41/02 Staatsbürgerschaft, Pass- und Melderecht, Fremdenrecht, Asylrecht

Norm

EMRK Art10
Anti-GesichtsverhüllungsG §2 Abs1
VStG §50, §64
VfGG §7 Abs1
  1. VStG § 50 heute
  2. VStG § 50 gültig ab 01.01.2019 zuletzt geändert durch BGBl. I Nr. 57/2018
  3. VStG § 50 gültig von 01.07.2013 bis 31.12.2018 zuletzt geändert durch BGBl. I Nr. 33/2013
  4. VStG § 50 gültig von 01.01.2011 bis 30.06.2013 zuletzt geändert durch BGBl. I Nr. 111/2010
  5. VStG § 50 gültig von 01.08.2002 bis 31.12.2010 zuletzt geändert durch BGBl. I Nr. 117/2002
  6. VStG § 50 gültig von 01.01.2002 bis 31.07.2002 zuletzt geändert durch BGBl. I Nr. 137/2001
  7. VStG § 50 gültig von 01.01.1999 bis 31.12.2001 zuletzt geändert durch BGBl. I Nr. 158/1998
  8. VStG § 50 gültig von 01.01.1993 bis 31.12.1998 zuletzt geändert durch BGBl. Nr. 867/1992
  9. VStG § 50 gültig von 01.02.1991 bis 31.12.1992
  1. VfGG § 7 heute
  2. VfGG § 7 gültig ab 22.03.2020 zuletzt geändert durch BGBl. I Nr. 16/2020
  3. VfGG § 7 gültig von 01.01.2015 bis 21.03.2020 zuletzt geändert durch BGBl.

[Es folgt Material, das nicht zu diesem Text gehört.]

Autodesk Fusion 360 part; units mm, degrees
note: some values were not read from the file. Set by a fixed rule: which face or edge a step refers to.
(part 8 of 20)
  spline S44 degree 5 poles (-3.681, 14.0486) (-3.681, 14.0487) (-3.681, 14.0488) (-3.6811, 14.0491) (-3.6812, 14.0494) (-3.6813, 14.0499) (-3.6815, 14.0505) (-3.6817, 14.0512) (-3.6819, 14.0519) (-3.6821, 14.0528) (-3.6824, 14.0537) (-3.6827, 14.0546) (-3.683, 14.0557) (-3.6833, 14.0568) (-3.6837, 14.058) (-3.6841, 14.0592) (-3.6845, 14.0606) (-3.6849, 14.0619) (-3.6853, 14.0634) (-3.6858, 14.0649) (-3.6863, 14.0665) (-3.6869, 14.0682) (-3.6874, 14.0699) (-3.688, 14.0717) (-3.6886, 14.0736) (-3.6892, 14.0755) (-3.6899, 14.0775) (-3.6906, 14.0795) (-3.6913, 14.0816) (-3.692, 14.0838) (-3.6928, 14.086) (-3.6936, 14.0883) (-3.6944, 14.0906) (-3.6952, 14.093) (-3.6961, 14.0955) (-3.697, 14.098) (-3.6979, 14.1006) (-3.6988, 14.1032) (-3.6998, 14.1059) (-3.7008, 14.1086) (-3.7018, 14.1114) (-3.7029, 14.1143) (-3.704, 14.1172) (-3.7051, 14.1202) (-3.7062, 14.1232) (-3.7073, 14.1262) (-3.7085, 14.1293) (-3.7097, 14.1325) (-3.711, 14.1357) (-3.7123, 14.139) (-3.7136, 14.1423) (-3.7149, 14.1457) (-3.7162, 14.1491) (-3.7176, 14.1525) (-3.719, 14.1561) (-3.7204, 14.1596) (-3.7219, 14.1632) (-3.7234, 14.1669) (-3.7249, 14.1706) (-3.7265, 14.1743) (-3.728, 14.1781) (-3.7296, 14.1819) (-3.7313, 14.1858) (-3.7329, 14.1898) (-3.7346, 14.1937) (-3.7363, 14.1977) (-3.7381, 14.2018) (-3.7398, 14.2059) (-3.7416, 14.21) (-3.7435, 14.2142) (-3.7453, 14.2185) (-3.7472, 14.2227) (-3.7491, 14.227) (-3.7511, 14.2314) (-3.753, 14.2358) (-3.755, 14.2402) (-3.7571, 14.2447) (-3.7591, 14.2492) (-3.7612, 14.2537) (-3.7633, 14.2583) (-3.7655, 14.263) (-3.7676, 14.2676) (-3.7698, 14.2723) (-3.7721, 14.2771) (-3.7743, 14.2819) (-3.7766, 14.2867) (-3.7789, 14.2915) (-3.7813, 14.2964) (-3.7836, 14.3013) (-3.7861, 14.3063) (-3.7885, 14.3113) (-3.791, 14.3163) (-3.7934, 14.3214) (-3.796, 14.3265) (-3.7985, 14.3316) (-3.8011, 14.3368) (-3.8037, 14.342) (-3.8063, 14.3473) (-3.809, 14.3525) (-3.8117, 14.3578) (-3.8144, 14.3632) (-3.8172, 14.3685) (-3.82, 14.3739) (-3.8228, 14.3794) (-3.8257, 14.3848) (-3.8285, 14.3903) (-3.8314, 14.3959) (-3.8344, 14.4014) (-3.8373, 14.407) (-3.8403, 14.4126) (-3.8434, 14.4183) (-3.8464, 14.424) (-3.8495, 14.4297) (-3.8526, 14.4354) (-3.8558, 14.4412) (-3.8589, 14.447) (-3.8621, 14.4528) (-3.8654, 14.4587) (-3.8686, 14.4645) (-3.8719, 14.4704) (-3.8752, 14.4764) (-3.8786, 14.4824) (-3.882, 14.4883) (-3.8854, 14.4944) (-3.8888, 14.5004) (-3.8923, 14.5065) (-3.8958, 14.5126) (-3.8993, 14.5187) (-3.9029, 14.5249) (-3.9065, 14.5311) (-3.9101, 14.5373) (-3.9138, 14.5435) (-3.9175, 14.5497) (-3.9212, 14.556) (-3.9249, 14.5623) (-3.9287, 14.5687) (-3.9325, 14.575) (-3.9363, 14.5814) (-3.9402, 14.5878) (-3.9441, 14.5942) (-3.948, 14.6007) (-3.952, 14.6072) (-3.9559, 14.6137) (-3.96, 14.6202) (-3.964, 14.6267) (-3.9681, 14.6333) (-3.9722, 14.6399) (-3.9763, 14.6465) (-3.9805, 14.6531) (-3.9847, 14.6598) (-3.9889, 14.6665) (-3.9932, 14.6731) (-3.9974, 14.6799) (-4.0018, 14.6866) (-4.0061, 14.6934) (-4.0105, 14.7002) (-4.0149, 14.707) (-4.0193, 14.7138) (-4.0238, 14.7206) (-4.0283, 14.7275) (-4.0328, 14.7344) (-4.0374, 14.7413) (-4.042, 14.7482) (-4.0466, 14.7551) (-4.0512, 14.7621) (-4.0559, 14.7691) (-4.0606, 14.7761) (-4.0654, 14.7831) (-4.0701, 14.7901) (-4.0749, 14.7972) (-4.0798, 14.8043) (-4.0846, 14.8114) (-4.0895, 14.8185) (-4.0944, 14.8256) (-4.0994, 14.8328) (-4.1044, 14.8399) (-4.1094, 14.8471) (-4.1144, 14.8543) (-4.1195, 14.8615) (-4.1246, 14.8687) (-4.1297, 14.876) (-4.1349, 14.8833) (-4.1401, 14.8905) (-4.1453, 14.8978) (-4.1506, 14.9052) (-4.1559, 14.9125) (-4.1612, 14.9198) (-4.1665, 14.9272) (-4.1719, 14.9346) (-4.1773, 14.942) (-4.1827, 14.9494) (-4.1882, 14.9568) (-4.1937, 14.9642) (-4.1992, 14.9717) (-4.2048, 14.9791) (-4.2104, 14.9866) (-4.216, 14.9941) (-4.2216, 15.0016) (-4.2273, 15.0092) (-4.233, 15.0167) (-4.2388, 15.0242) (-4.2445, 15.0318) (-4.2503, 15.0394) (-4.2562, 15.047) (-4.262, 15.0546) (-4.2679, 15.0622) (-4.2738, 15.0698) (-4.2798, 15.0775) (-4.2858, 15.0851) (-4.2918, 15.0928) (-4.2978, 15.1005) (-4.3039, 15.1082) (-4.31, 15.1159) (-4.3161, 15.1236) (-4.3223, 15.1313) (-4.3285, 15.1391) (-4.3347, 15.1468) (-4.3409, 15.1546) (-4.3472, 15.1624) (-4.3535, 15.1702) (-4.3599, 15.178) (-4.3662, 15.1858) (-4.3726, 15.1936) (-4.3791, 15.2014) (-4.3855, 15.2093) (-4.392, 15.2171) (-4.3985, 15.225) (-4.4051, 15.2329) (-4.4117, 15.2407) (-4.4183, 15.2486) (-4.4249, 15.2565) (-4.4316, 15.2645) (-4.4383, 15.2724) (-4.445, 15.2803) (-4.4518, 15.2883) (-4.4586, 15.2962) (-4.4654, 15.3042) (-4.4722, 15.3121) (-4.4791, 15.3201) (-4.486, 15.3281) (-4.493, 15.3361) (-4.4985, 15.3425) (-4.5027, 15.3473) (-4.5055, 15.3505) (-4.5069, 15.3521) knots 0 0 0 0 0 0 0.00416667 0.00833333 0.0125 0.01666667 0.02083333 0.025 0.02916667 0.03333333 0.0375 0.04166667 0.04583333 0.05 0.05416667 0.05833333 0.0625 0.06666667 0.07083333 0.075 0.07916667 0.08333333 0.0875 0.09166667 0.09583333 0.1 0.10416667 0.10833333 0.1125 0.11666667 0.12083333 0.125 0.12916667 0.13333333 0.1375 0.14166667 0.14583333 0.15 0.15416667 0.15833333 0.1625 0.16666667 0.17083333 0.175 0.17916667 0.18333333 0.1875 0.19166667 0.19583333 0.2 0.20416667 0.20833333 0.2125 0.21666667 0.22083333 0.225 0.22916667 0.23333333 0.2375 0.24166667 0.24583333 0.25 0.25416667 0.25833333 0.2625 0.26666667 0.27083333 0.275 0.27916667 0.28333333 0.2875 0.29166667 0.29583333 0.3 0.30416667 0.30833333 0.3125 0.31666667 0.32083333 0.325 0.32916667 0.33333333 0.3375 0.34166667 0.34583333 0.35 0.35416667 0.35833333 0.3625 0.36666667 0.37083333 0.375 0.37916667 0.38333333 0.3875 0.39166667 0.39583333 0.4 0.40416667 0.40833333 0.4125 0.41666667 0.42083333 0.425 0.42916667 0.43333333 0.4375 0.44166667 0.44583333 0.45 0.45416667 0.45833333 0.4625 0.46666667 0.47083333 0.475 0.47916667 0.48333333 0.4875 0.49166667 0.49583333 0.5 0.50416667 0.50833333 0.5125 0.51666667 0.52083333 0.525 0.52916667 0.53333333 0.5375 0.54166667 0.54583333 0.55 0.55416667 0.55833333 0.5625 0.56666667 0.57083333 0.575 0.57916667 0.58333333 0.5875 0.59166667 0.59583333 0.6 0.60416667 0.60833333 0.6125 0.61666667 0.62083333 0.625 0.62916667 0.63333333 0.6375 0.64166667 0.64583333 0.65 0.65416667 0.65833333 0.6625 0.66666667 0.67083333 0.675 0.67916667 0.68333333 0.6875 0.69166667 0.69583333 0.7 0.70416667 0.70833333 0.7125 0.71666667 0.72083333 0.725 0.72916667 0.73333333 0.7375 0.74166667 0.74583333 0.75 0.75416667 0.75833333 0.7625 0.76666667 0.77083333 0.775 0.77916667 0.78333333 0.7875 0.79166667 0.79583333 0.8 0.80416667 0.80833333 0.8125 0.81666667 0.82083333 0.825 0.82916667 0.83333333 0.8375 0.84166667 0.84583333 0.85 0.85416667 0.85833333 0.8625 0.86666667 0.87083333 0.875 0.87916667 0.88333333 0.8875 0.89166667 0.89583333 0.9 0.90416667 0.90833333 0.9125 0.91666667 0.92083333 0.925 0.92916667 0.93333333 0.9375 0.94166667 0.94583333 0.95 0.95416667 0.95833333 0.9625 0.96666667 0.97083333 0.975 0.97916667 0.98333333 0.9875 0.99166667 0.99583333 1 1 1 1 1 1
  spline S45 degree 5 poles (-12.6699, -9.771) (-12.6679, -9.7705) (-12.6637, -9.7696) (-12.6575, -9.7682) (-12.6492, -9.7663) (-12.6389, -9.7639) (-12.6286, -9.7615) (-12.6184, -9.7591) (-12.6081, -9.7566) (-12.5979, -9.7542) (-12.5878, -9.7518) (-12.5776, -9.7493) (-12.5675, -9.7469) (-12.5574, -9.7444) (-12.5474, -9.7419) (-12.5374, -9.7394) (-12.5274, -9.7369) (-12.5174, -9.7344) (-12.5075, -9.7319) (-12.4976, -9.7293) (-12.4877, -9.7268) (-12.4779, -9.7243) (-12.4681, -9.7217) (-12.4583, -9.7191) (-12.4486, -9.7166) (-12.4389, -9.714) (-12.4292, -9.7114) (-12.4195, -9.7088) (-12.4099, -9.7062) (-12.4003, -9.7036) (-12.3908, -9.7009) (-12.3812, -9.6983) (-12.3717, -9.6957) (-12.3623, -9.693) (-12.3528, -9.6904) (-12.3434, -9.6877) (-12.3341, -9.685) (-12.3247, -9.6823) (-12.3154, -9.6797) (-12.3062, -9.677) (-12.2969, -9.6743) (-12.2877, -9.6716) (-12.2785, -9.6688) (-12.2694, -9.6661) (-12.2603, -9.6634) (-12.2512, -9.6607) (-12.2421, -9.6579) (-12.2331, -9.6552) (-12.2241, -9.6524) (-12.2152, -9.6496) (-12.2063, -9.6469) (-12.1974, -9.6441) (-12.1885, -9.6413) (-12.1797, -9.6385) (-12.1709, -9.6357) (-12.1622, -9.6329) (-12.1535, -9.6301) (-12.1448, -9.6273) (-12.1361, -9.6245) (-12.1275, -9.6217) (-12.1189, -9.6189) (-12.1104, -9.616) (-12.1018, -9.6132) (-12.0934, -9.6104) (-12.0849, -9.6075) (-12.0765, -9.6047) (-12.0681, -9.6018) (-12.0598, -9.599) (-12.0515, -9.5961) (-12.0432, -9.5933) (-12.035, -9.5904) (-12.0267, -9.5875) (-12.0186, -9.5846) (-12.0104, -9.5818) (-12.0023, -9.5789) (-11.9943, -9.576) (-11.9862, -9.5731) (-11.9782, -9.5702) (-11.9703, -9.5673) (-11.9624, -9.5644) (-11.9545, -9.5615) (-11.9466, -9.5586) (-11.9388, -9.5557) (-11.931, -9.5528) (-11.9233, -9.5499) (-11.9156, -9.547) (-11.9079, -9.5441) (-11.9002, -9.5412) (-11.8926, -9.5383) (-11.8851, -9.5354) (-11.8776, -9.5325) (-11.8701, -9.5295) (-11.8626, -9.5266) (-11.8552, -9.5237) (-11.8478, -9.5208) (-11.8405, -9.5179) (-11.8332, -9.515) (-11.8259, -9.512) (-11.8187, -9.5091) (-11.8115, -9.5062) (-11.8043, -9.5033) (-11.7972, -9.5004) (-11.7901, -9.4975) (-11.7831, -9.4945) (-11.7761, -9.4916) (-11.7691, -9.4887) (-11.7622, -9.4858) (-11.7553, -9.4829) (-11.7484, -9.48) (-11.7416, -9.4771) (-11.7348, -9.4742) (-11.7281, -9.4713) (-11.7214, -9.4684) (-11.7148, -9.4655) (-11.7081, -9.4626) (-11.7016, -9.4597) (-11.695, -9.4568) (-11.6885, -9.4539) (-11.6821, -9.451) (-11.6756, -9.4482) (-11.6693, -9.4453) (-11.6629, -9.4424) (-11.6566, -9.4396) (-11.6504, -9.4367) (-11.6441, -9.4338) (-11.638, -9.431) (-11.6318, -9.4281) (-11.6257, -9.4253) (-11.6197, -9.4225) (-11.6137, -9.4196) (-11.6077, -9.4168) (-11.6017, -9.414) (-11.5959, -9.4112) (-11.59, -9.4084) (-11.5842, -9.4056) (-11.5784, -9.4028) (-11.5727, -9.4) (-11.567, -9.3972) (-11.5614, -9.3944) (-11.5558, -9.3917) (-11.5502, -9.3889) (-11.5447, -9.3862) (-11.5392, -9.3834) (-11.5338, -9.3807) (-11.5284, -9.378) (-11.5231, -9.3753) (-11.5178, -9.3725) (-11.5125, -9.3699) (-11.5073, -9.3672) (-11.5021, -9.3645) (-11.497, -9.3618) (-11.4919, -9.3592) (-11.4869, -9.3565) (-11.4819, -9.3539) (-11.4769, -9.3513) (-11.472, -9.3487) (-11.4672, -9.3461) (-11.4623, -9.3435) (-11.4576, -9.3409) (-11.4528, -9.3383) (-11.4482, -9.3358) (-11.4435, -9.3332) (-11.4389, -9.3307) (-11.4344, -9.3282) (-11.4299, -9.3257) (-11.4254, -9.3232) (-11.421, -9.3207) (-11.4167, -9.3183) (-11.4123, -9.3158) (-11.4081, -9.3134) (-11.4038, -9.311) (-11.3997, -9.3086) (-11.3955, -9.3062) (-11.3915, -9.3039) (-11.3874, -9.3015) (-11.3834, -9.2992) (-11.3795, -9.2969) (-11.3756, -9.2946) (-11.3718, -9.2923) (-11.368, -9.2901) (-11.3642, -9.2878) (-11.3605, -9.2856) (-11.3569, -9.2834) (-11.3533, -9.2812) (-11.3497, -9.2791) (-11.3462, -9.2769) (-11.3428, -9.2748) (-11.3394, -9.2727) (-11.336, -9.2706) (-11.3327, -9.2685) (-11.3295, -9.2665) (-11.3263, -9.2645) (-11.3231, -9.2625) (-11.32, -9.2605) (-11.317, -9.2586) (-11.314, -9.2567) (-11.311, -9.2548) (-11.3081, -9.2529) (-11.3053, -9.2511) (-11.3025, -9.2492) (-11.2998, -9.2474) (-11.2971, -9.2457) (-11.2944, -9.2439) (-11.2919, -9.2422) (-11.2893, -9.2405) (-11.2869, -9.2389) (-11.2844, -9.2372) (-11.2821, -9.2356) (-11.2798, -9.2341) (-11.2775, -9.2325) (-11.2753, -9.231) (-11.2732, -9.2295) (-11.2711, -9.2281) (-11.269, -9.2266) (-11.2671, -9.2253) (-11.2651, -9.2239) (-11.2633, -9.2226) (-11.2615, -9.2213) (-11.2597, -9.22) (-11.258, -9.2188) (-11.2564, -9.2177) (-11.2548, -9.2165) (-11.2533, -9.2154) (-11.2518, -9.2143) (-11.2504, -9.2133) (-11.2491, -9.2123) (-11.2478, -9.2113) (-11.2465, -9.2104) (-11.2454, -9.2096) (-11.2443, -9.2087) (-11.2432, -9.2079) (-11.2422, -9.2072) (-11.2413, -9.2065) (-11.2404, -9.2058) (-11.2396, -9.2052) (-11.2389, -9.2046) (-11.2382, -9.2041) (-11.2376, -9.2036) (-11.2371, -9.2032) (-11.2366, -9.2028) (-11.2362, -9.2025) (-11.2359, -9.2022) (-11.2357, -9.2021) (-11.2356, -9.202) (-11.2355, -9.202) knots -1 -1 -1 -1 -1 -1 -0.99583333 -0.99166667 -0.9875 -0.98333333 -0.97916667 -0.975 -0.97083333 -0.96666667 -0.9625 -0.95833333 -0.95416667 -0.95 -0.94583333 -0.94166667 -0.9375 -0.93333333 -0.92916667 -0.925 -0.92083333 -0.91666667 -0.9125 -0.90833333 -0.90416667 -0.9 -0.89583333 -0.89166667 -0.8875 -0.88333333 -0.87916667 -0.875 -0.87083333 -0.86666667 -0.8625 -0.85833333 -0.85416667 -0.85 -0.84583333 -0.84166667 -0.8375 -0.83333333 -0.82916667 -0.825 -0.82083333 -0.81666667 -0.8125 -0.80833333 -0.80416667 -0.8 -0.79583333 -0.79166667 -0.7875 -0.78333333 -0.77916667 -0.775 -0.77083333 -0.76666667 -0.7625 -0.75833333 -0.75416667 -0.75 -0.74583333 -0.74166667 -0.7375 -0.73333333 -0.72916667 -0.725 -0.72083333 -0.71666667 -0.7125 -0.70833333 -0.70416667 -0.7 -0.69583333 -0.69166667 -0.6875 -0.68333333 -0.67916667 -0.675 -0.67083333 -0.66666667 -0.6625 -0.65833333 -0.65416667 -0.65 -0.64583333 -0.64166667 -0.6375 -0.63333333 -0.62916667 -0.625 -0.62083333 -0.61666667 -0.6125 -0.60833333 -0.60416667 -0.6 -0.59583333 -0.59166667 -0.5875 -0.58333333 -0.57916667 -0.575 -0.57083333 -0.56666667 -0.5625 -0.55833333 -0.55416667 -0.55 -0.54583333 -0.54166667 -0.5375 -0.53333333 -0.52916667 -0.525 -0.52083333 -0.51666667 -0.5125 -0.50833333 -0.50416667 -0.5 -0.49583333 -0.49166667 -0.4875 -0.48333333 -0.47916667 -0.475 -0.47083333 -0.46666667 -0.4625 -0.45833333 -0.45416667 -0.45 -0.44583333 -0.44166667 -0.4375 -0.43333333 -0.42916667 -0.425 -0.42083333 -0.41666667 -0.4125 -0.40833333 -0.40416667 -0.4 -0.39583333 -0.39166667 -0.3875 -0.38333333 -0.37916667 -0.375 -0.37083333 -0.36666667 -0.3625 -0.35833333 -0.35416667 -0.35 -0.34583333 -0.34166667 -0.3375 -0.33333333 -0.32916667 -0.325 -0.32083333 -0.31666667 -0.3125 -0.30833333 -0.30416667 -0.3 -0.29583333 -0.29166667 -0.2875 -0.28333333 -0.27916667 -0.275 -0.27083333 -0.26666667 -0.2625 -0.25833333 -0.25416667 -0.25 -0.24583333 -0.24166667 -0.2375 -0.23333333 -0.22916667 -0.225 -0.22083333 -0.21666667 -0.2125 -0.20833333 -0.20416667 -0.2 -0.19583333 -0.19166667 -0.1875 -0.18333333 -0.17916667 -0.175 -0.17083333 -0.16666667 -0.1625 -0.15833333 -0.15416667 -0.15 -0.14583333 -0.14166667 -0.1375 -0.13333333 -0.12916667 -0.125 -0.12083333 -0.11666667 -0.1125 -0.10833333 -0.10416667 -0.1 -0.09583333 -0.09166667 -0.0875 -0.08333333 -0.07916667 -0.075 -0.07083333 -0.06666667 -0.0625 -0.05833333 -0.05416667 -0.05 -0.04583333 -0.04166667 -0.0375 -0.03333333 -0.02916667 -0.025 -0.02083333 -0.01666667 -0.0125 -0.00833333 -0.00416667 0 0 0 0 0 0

I Nr. 101/2014
  4. VfGG § 7 gültig von 01.01.2015 bis 31.12.2014 zuletzt geändert durch BGBl. I Nr. 92/2014
  5. VfGG § 7 gültig von 01.03.2013 bis 31.12.2014 zuletzt geändert durch BGBl. I Nr. 33/2013
  6. VfGG § 7 gültig von 01.07.2008 bis 28.02.2013 zuletzt geändert durch BGBl. I Nr. 4/2008
  7. VfGG § 7 gültig von 01.01.2004 bis 30.06.2008 zuletzt geändert durch BGBl. I Nr. 100/2003
  8. VfGG § 7 gültig von 01.10.2002 bis 31.12.2003 zuletzt geändert durch BGBl. I Nr. 123/2002
  9. VfGG § 7 gültig von 01.01.1991 bis 30.09.2002 zuletzt geändert durch BGBl. Nr. 329/1990
  10. VfGG § 7 gültig von 01.07.1976 bis 31.12.1990 zuletzt geändert durch BGBl. Nr. 311/1976

Leitsatz

Verletzung im Recht auf Meinungsäußerungsfreiheit durch Verhängung einer Geldstrafe nach dem Anti-GesichtsverhüllungsG bei einer für die Milchwirtschaft werbenden Veranstaltung; kein Verstoß gegen das Verhüllungsverbot wegen des Tragens einer Tiermaske mit der Intention, auf das mit den Produktionsbedingungen von Milchprodukten verbundene Tierleid hinzuweisen

Spruch

I. Der Beschwerdeführer ist durch das angefochtene Erkenntnis im verfassungsgesetzlich gewährleisteten Recht auf Freiheit der Meinungsäußerung verletzt worden.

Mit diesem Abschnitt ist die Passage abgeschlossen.